Das Office of Fair Trading nennt ein Beispiel, was künftig gegen die Regeln verstößt: Wenn der Hersteller eines Pferde-Sammelspiels sein Werk als "Gratis" kennzeichnet und auf Screenshots einen vollen Pferdestall zeigt, ist es nicht zulässig, dass der Kunde jeden der virtuellen Gäule erst mit Echtgeld kaufen muss. Außerdem müssen die Hersteller darüber informieren, wenn die Kundendaten für Marketingzwecke gesammelt oder gar weitergeleitet werden.

Besonders Eltern dürften sich über die Vorgaben freuen. Ab dann können nämlich minderjährige Kinder erst dann Geld in Games ausgeben, nachdem die Erziehungsberechtigten ausdrücklich zugestimmt haben.
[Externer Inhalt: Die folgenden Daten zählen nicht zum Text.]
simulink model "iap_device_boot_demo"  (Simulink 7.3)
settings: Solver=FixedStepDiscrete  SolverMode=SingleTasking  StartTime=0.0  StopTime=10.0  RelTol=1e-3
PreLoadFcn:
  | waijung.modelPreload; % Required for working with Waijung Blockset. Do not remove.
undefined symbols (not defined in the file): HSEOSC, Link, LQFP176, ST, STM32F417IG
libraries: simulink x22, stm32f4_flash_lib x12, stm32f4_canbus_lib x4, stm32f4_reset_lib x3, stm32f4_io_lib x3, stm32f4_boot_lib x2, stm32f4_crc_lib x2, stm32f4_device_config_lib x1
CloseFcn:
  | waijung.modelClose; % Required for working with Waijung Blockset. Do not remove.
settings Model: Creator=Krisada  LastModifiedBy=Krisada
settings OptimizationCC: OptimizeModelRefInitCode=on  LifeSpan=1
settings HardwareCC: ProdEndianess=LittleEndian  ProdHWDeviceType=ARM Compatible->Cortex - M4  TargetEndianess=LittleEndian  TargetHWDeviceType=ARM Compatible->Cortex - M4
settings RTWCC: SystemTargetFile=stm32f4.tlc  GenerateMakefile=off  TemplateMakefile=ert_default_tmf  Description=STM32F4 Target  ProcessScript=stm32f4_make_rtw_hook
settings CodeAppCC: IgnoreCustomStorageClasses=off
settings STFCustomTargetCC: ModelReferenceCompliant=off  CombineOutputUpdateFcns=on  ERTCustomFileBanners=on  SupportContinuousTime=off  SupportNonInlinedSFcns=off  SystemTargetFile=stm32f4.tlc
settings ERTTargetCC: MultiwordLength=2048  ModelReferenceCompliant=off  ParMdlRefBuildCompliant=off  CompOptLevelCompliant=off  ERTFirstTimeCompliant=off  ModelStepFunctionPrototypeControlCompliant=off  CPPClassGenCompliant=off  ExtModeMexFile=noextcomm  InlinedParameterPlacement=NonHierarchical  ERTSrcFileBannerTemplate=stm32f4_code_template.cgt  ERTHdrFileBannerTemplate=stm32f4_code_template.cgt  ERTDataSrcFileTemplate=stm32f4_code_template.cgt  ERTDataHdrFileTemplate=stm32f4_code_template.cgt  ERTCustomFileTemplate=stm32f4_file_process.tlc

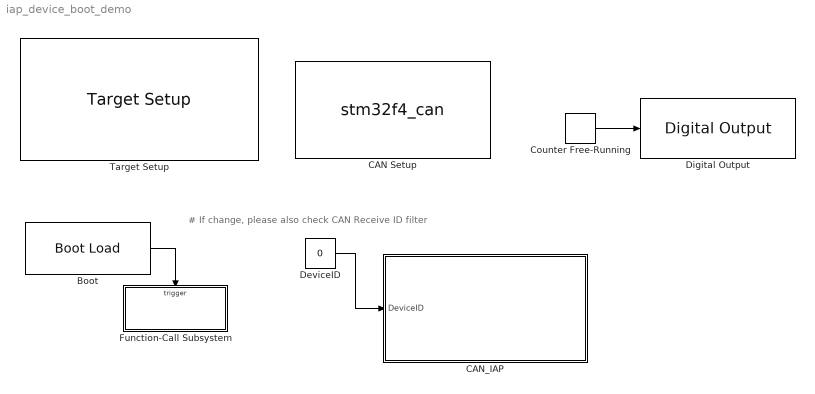
== system iap_device_boot_demo ==
  note: # If change,
      | please also check CAN Receive ID filter
  Boot : stm32f4_boot_lib/Boot Load  conf=Boot  flashorigin=0x8000000  flashlength=0x100000  enableisr=on  usersector=Sector 9: 0x080A0000 - 0x080BFFFF  sampletime=-1  sampletimestr=0.001  blockid=Boot  inputarray=[]  inputlabelarray={}  outputarray=[7]  outputlabelarray={'Call ISR'}  compat=0  confstr="[\"080A0000\",\"9\"]"
  CAN Setup : S-Function  FunctionName=stm32f4_can  Parameters=conf,canmodule,0,inputarray,outputarray,'','',confstr,sampletime,sampletimestr,blockid  EnableBusSupport=off  mask(stm32f4_can){conf=Setup, canmodule=1, advance=off, bitrate_select=125000, sjw=1tq, bs1=14tq, bs2=6tq, timingconf=Prescaler, brp=16, bitrate=125000, tq=3.8095e-007, remaptxpin=B9, remaprxpin=B8, sampletime=inf, sampletimestr=0.001, blockid=CANSetup, inputarray=[], inputlabelarray={}, outputarray=[], outputlabelarray={}, compat=0, confstr=["125000","16","B","9","B","8","1tq","14tq","6tq","ENABLE"], presc=16, txportstr=B, txpinstr=9, rxportstr=B, rxpinstr=8, lastmodule=1}
      mask prompts: conf "Configuration"; canmodule "CAN Module"; advance "Advance configuration"; bitrate_select "Baud rate (bps)"; sjw "Resync Jump Width (SJW)"; bs1 "Bit segment 1 (BS1) + PROP_SEG"; bs2 "Bit segment 2 (BS2)"; timingconf "Adjust"; brp "Baud rate prescaler (BRP)"; bitrate "Baud rate (bps)"; tq "Time Quantum (Second), tq"; remaptxpin "CAN Tx pin"; remaprxpin "CAN Rx pin"; sampletime "Sample time (sec)"; sampletimestr "Compiled sample time (sec) in string"; inputarray "Input port"; inputlabelarray "Input port label"; outputarray "Output port"; outputlabelarray "Output port label"; compat "Compatibility (Reserved for future use)"; confstr "Configuration String"; presc "Prescale"; txportstr "Tx port string"; txpinstr "Tx pin string"; rxportstr "Rx port string"; rxpinstr "Rx pin string"; lastmodule "Last module selected"
      mask help: This block setups CAN Module.
      mask init:
      | stm32f4_can_callback('init');
      mask Help: web(fullfile(waijungdocroot,'stm32f4_can_setup.htm'), '-browser')
      mask StyleString: popup(Setup),popup(1|2),checkbox,popup(125000|250000|500000|1000000),popup(1tq|2tq|3tq|4tq),popup(1tq|2tq|3tq|4tq|5tq|6tq|7tq|8tq|9tq|10tq|11tq|12tq|13tq|14tq|15tq|16tq),popup(1tq|2tq|3tq|4tq|5tq|6tq|7tq|8tq),popup(Prescaler|Baudrate),edit,edit,edit,popup(Not used|A12|B9|D1|H13),popup(Not used|A11|B8|D0|I9),edit,edit,edit,edit,edit,edit,edit,edit,edit,edit,edit,edit,edit,edit,edit
      mask CallbackString: |stm32f4_can_callback('canmodule');|stm32f4_can_callback('advance');|stm32f4_can_callback('bitrate_select');||stm32f4_can_callback('timingconf');|stm32f4_can_callback('timingconf');|stm32f4_can_callback('timingconf');|stm32f4_can_callback('timingconf');|stm32f4_can_callback('timingconf');||stm32f4_can_callback('remaptxpin');|stm32f4_can_callback('remaprxpin');|stm32f4_can_callback('sampletime');|stm32f4_can_callback('sampletimestr');|stm32f4_can_callback('blockid');||||||||||||
      mask Display: text(0.5, 0.5, 'CAN1_Setup\nSpeed (bps): 125000\nTx/Rx pin: B9/B8','ver','middle','hor','center');
  CAN_IAP : Subsystem  TreatAsAtomicUnit=on
  Counter Free-Running : simulink/Sources/Counter Free-Running  SystemSampleTime=-1  NumBits=16  tsamp=0.5
  DeviceID : Constant  Value=0  OutDataTypeMode=uint32  OutDataType=fixdt(1, 16)  OutScaling=2^0  OutDataTypeStr=uint32  SampleTime=0.001
  Digital Output : stm32f4_io_lib/Digital Output  use_bitband=on  port=D  speed=100  porttype=Push Pull  porttypestr=PP  use_pin0=off  use_pin1=off  use_pin2=off  use_pin3=off  use_pin4=off  use_pin5=off  use_pin6=off  use_pin7=off  use_pin8=off  use_pin9=off  use_pin10=off  use_pin11=off  use_pin12=off  use_pin13=off  use_pin14=off  use_pin15=on  pinstr=GPIO_Pin_15  usedpinarray="[0  0  0  0  0  0  0  0  0  0  0  0  0  0  0  1]"  bitbandingstr="#define DigitalOutput_D15 Peripheral_BB(GPIOD->ODR, 15)  /* Output pin */"  sampletime=-1  sampletimestr=0.5  blockid=DigitalOutput  enablecustomportlabel=off  globalinit=off  cinputportlabel=In1, In2  coutputportlabel=0
  Function-Call Subsystem : Subsystem  TreatAsAtomicUnit=on
  Target Setup : stm32f4_device_config_lib/Target Setup  Priority=100  compiler=GNU ARM  previous_compiler=GNU ARM  mcu=STM32F417IG (LQFP176)  mcustr=STM32F417IG  clockconfig=HSEOSC-8MHz  system_stm32f4xx_c_path=F:\trunk\targets\stm32f4_target\stm32f4\utils\system_stm32f4xx_default\STM32F40_41xxx\hseosc8mhz  showmemoryconfiguration=off  stacksize=0x2000  heapsize=0x2000  enableautocompiledownload=on  fullchiperase=on  programmerinterface=ST-Link  editctrlstr=on  compilercontrolstr=$(patsubst %, -I%, .) -mcpu=cortex-m4 -mthumb -mthumb-interwork -mfloat-abi=hard -mfpu=fpv4-sp-d16 -ffast-math -Wall -Wextra -Ofast  assemblercontrolstr=$(patsubst %, -I%, .) -mcpu=cortex-m4 -mthumb -mthumb-interwork -mfloat-abi=hard -mfpu=fpv4-sp-d16 -ffast-math -Wall -Wextra -Ofast -Wa,-amhls=$(<:.s=.lst) -D__STACK_SIZE=$(STACK_SIZE) -D__HEAP_SIZE=$(HEAP_SIZE)  linkercontrolstr=-T$(LD_SCRIPT) -g -Wl,-Map=$(MAP),--cref,--no-warn-mismatch -mcpu=cortex-m4 -mthumb -mthumb-interwork -mfloat-abi=hard -mfpu=fpv4-sp-d16 -specs=nosys.specs  runafterdownload=on  execprofile=None  profileruart=3  profilerbaud=500000  profilertxpin=D8  profilerinitstr=0.001,168000000,168000,500000,0  manualsetsampletime=off  sampletime=0.001  blockid=TargetSetup  systickreloadvalue=168000  hseval=8000000  lastprofileruart=3  hclk=168000000  flashorigin=0x8000000  flashlength=1024k  ramorigin=0x20000000  ramlength=128k  useextram=off
  wires:
  Boot/1 -> Function-Call Subsystem/Trigger
  DeviceID/1 -> CAN_IAP/1(DeviceID)
  Counter Free-Running/1 -> Digital Output/1

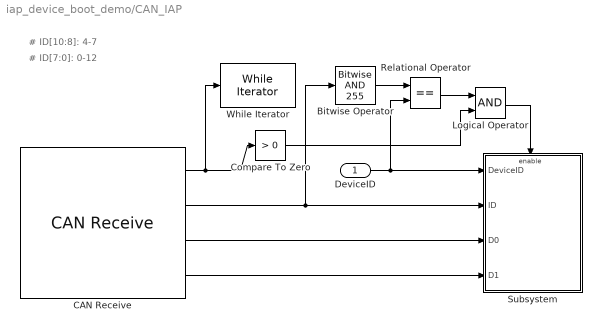
== system iap_device_boot_demo/CAN_IAP ==
  note: # ID[7:0]: 0-12
  note: # ID[10:8]: 4-7
  DeviceID : Inport  OutDataType=fixdt(1, 16)  OutScaling=2^0
  Bitwise Operator : simulink/Logic and Bit Operations/Bitwise Operator  logicop=AND  UseBitMask=on  BitMask=255  BitMaskRealWorld=Stored Integer
  CAN Receive : stm32f4_canbus_lib/CAN Receive  conf=Rx  canmodule=1  idtype=Standard  filtertype=Mask  id=hex2dec('400')  idmask=hex2dec('4F0')  enableisr=off  usedlc=off  datatype=uint32  data0type=uint32  data1type=uint32  data2type=Not used  data3type=Not used  data4type=Not used  data5type=Not used  data6type=Not used  data7type=Not used  buffersize=32  sampletime=-1  sampletimestr=-1  blockid=CAN_IAPCANReceive  inputarray=[]  inputlabelarray={}  outputarray=[ 5, 7, 7, 7]  outputlabelarray={ 'Msg Pending','ID', 'D0 (uint32)', 'D1 (uint32)' }  compat=0  confstr="[\"Standard\",\"Mask\",\"1024\",\"1264\",\"off\",\"uint32\",\"uint32\",\"Not used\",\"Not used\",\"Not used\",\"Not used\",\"Not used\",\"Not used\",\"32\",\"8000\",\"0\",\"9E00\",\"4\"]"
  Compare To Zero : simulink/Logic and Bit Operations/Compare To Zero  SystemSampleTime=-1  relop=>  LogicOutDataTypeMode=uint8  ZeroCross=off
  Logical Operator : Logic  AllPortsSameDT=off  OutDataTypeMode=boolean  LogicDataType=fixdt(0, 8)  OutDataTypeStr=boolean
  Relational Operator : RelationalOperator  Operator===  LogicOutDataTypeMode=boolean  LogicDataType=fixdt(0, 8)  OutDataTypeStr=boolean
  Subsystem : Subsystem
  While Iterator : WhileIterator  WhileBlockType=do-while
  wires:
  CAN Receive/1 -> Compare To Zero/1, While Iterator/1
  CAN Receive/4 -> Subsystem/4(D1)
  CAN Receive/2 -> Subsystem/2(ID), Bitwise Operator/1
  CAN Receive/3 -> Subsystem/3(D0)
  Relational Operator/1 -> Logical Operator/1
  Compare To Zero/1 -> Logical Operator/2
  Logical Operator/1 -> Subsystem/Enable
  Bitwise Operator/1 -> Relational Operator/1
  DeviceID/1 -> Subsystem/1(DeviceID), Relational Operator/2

== system iap_device_boot_demo/Function-Call Subsystem ==
  note: # 1. Stay in boot if PA0 pressed during Startup
  note: 2. Otherwise, check flash healthy
  function : TriggerPort  TriggerType=function-call
  Check Boot Pin : Subsystem  TreatAsAtomicUnit=on
  Check Flash : Subsystem
  Constant : Constant  OutDataType=fixdt(1, 16)  OutScaling=2^0
  wires:
  Constant/1 -> Check Boot Pin/Enable
  Check Boot Pin/1(Out1) -> Check Flash/Enable

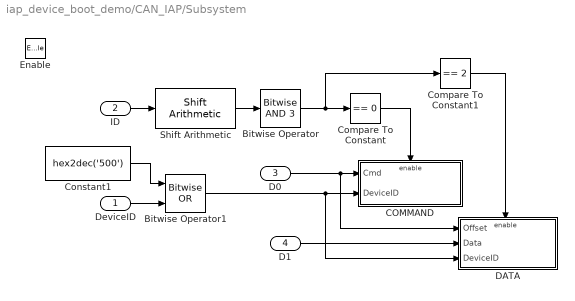
== system iap_device_boot_demo/CAN_IAP/Subsystem ==
  DeviceID : Inport
  ID : Inport  Port=2
  D0 : Inport  Port=3
  D1 : Inport  Port=4
  Enable : EnablePort
  Bitwise Operator : simulink/Logic and Bit Operations/Bitwise Operator  logicop=AND  UseBitMask=on  BitMask=3  BitMaskRealWorld=Stored Integer
  Bitwise Operator1 : simulink/Logic and Bit Operations/Bitwise Operator  logicop=OR  UseBitMask=off  NumInputPorts=2  BitMask=bin2dec('11011001')  BitMaskRealWorld=Stored Integer
  COMMAND : Subsystem  TreatAsAtomicUnit=on
  Compare To Constant : simulink/Logic and Bit Operations/Compare To Constant  SystemSampleTime=-1  relop===  const=0  LogicOutDataTypeMode=uint8  ZeroCross=off
  Compare To Constant1 : simulink/Logic and Bit Operations/Compare To Constant  SystemSampleTime=-1  relop===  const=2  LogicOutDataTypeMode=uint8  ZeroCross=off
  Constant1 : Constant  Value=hex2dec('500')  OutDataTypeMode=uint32  OutDataType=fixdt(1, 16)  OutScaling=2^0  OutDataTypeStr=uint32
  DATA : Subsystem  TreatAsAtomicUnit=on
  Shift Arithmetic : simulink/Logic and Bit Operations/Shift Arithmetic  SystemSampleTime=-1  nBitShiftRight=8  nBinPtShiftRight=0
  wires:
  Shift Arithmetic/1 -> Bitwise Operator/1
  Bitwise Operator/1 -> Compare To Constant1/1, Compare To Constant/1
  Compare To Constant/1 -> COMMAND/Enable
  D0/1 -> COMMAND/1(Cmd), DATA/1(Offset)
  Compare To Constant1/1 -> DATA/Enable
  ID/1 -> Shift Arithmetic/1
  D1/1 -> DATA/2(Data)
  Constant1/1 -> Bitwise Operator1/1
  DeviceID/1 -> Bitwise Operator1/2
  Bitwise Operator1/1 -> COMMAND/2(DeviceID), DATA/3(DeviceID)

== system iap_device_boot_demo/Function-Call Subsystem/Check Boot Pin ==
  Enable : EnablePort
  Digital Input : stm32f4_io_lib/Digital Input  port=A  speed=100  porttype=None  porttypestr=NOPULL  use_pin0=on  use_pin1=off  use_pin2=off  use_pin3=off  use_pin4=off  use_pin5=off  use_pin6=off  use_pin7=off  use_pin8=off  use_pin9=off  use_pin10=off  use_pin11=off  use_pin12=off  use_pin13=off  use_pin14=off  use_pin15=off  pinstr=GPIO_Pin_0  usedpinarray="[1  0  0  0  0  0  0  0  0  0  0  0  0  0  0  0]"  bitbandingstr="#define FunctionCallSubsystemCheckBootPinDigitalInput_A0 Peripheral_BB(GPIOA->IDR, 0)  /* Output pin */"  sampletime=inf  sampletimestr=-1  blockid=FunctionCallSubsystemCheckBootPinDigitalInput  enablecustomportlabel=off  glabalinit=off  cinputportlabel=In1, In2  coutputportlabel=Out1, Out2
  Logical Operator : Logic  Operator=NOT  AllPortsSameDT=off  OutDataTypeMode=boolean  LogicDataType=fixdt(0, 8)  OutDataTypeStr=boolean
  Out1 : Outport  OutDataType=fixdt(1, 16)  OutScaling=2^0
  wires:
  Digital Input/1 -> Logical Operator/1
  Logical Operator/1 -> Out1/1

== system iap_device_boot_demo/Function-Call Subsystem/Check Flash ==
  note: #  Check if firmwar has valid stack address,
      | reduce proces to check CRC32 when firmware invalid
  note: ### Sector C location: Sector_6
  Enable : EnablePort
  Check Sector B : Subsystem  TreatAsAtomicUnit=on
  Check Sector C : Subsystem
  Logical Operator : Logic  Operator=NOT  AllPortsSameDT=off  OutDataTypeMode=boolean  LogicDataType=fixdt(0, 8)  OutDataTypeStr=boolean
  Upgrade Firmware : Subsystem  TreatAsAtomicUnit=on
  wires:
  Check Sector C/1(Sector Valid) -> Upgrade Firmware/Enable, Logical Operator/1
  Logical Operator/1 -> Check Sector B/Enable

In Deutschland hatte sich in der jüngsten Vergangenheit die Verbraucherzentrale Bundesverband derartiger Probleme mit Kinderportalen angenommen und Abmahnungen sowie später Klagen eingereicht. Striktere Vorgaben wie künftig in Großbritannien könnten den Verbraucherschützern die Arbeit erleichtern.

Die Spielebranche hat noch bis zum 1. April 2014 Zeit, ihre Produkte anzupassen - dann treten die Vorgaben in Kraft. Bei ihrer Erstellung war der Lobbyverband Ukie (The Association for UK Interactive Entertainment) beteiligt.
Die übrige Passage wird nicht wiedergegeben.